Shayne sat down with a heavy frown. “Tell me.”

“It’s a colored boy. Name of Pristine Gaylord. Runs a little still, they say, and lives all alone about twelve miles out of town. He’s cut out for the part. Considered a troublemaker and served two sentences for aggravated assault. Neighbor of his brought him in for the reward. A white man that I wouldn’t pick over the Negro myself, but he is white. He places Gaylord here in town at midnight. Claims he was driving home from up the coast and passed this colored boy hiking down the road about two miles out of town. He didn’t recognize him as he drove past, but he had a flat tire a few minutes later, and this Gaylord comes walking up and he recognized him as a near neighbor and offered him a ride home if he’d change his tire. He says Gaylord acted funny and wouldn’t give any explanation for being out there at midnight, except that his car was broken down at home, but he didn’t give it much thought until he heard about Mrs. Blake on the radio at four o’clock. That’s when the reward offer was broadcast,” Rourke interpolated sourly.

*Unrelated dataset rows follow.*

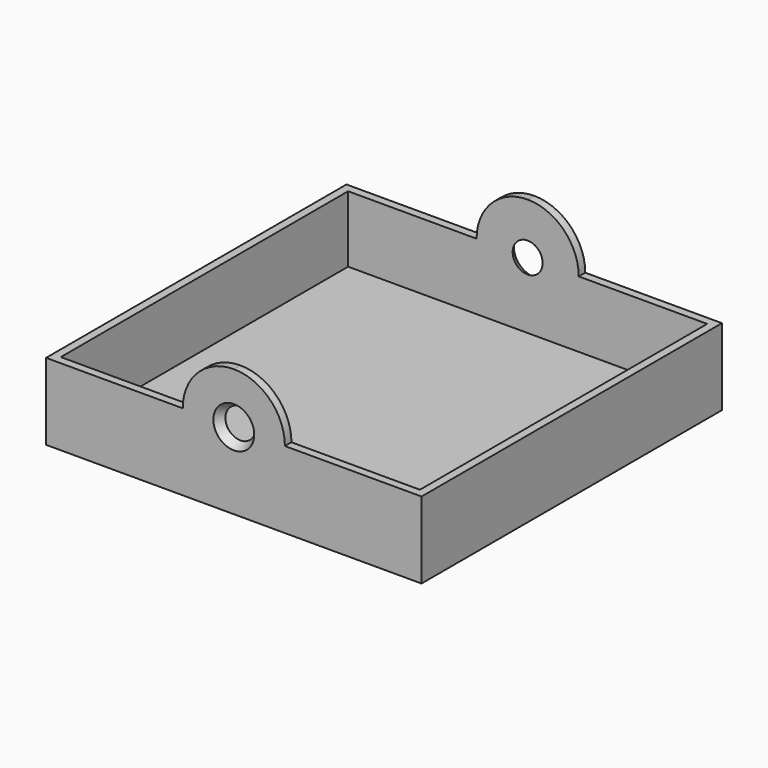
from build123d import *

# Parameters (mm, degrees)
F1_DEPTH = 73.5
F2_W     = 70.3
F2_H     = 70.3
F3_DEPTH = 23
F4_DEPTH = 73.501


# Not quite as in the source:
# - a fillet or chamfer that OpenCascade refuses, or shapes differently, is made with other operations: its cross-section is extruded or revolved along the edge and cut away or added


with BuildPart() as f1:
    # F0 (on Front) → F1 (new body)
    with BuildSketch(Plane.XZ):
        with BuildLine():
            Line((0, 15), (0, 0))
            Line((0, 0), (73.5, 0))
            Line((73.5, 0), (73.5, 15))
            Line((73.5, 15), (46.75, 15))
            Line((46.75, 15), (38.75, 15))
            ThreePointArc((38.75, 15), (36.75, 13), (34.75, 15))
            Line((34.75, 15), (26.75, 15))
            Line((26.75, 15), (0, 15))
        make_face()
        with BuildLine():
            Line((0, 25), (0, 15))
            Line((0, 15), (26.75, 15))
            ThreePointArc((26.75, 15), (29.6789321881, 22.0710678119), (36.75, 25))
            Line((36.75, 25), (0, 25))
        make_face()
        with BuildLine():
            Line((46.75, 15), (73.5, 15))
            Line((73.5, 15), (73.5, 25))
            Line((73.5, 25), (36.75, 25))
            ThreePointArc((36.75, 25), (43.8210678119, 22.0710678119), (46.75, 15))
        make_face()
        with BuildLine():
            ThreePointArc((36.75, 25), (29.6789321881, 22.0710678119), (26.75, 15))
            Line((26.75, 15), (34.75, 15))
            ThreePointArc((34.75, 15), (36.75, 17), (38.75, 15))
            Line((38.75, 15), (46.75, 15))
            ThreePointArc((46.75, 15), (43.8210678119, 22.0710678119), (36.75, 25))
        make_face()
    extrude(amount=-F1_DEPTH)

    # F2 (on face) → F3 (cut)
    with BuildSketch(Plane.XY.offset(25)):
        with Locations((36.75, 36.75)):
            Rectangle(F2_W, F2_H)
    extrude(amount=-F3_DEPTH, mode=Mode.SUBTRACT)

    # F0 (on Front) → F4 (cut, through all)
    with BuildSketch(Plane.XZ):
        with BuildLine():
            Line((0, 25), (0, 15))
            Line((0, 15), (26.75, 15))
            ThreePointArc((26.75, 15), (29.6789321881, 22.0710678119), (36.75, 25))
            Line((36.75, 25), (0, 25))
        make_face()
        with BuildLine():
            Line((46.75, 15), (73.5, 15))
            Line((73.5, 15), (73.5, 25))
            Line((73.5, 25), (36.75, 25))
            ThreePointArc((36.75, 25), (43.8210678119, 22.0710678119), (46.75, 15))
        make_face()
    extrude(amount=-F4_DEPTH, mode=Mode.SUBTRACT)

    # F5: chamfer of 3 x 2 on 1 edges, made by hand

    # F5_s1 → F5_t2 (revolve, cut)
    with BuildSketch(Plane.XY.offset(15)):
        Polygon((34.75, 3), (32.75, 0), (34.75, 0), align=None)
    revolve(axis=Axis((36.75, 0, 15), (0, 1, 0)), mode=Mode.SUBTRACT)

    # F6: chamfer of 3 x 2 on 1 edges, made by hand

    # F6_s1 → F6_t2 (revolve, cut)
    with BuildSketch(Plane.XY.offset(15)):
        Polygon((32.75, 73.5), (34.75, 70.5), (34.75, 73.5), align=None)
    revolve(axis=Axis((36.75, 73.5, 15), (0, 1, 0)), mode=Mode.SUBTRACT)


solid = f1.part

“So he drove down to Gaylord’s place and offered to bring him into town to make a moonshine delivery, and he drove him straight up to the police station and turned him in. And that’s it.” Timothy Rourke spread out his hands disgustedly. “I’ve been around town keeping my ears open, and things are building up fast. They’re not saying too much in front of an outsider, but the Rednecks are coming in from the back country, and there’s going to be a lynching in this man’s town tonight unless somebody does something pretty damned quick.”

“What’s Gaylord’s story?”

“He hasn’t got any story. He just denies everything. Claims he hasn’t been off his place for three days and that Alonzo Peters… that’s the white man who brought him in… is purely and simply lying about picking him up on the road last night. But I helped shoot that story, damn it. I told you about the eager-beaver young cop with the fingerprinting outfit. I got him and we opened up the trunk of Peter’s car and there was a flat tire all right. With the suspect’s fingerprints all over the jack and lug wrench… fresh enough to’ve probably been made last night. Which seems to prove Peters’ story, and puts the colored boy right here on the scene at the right time.”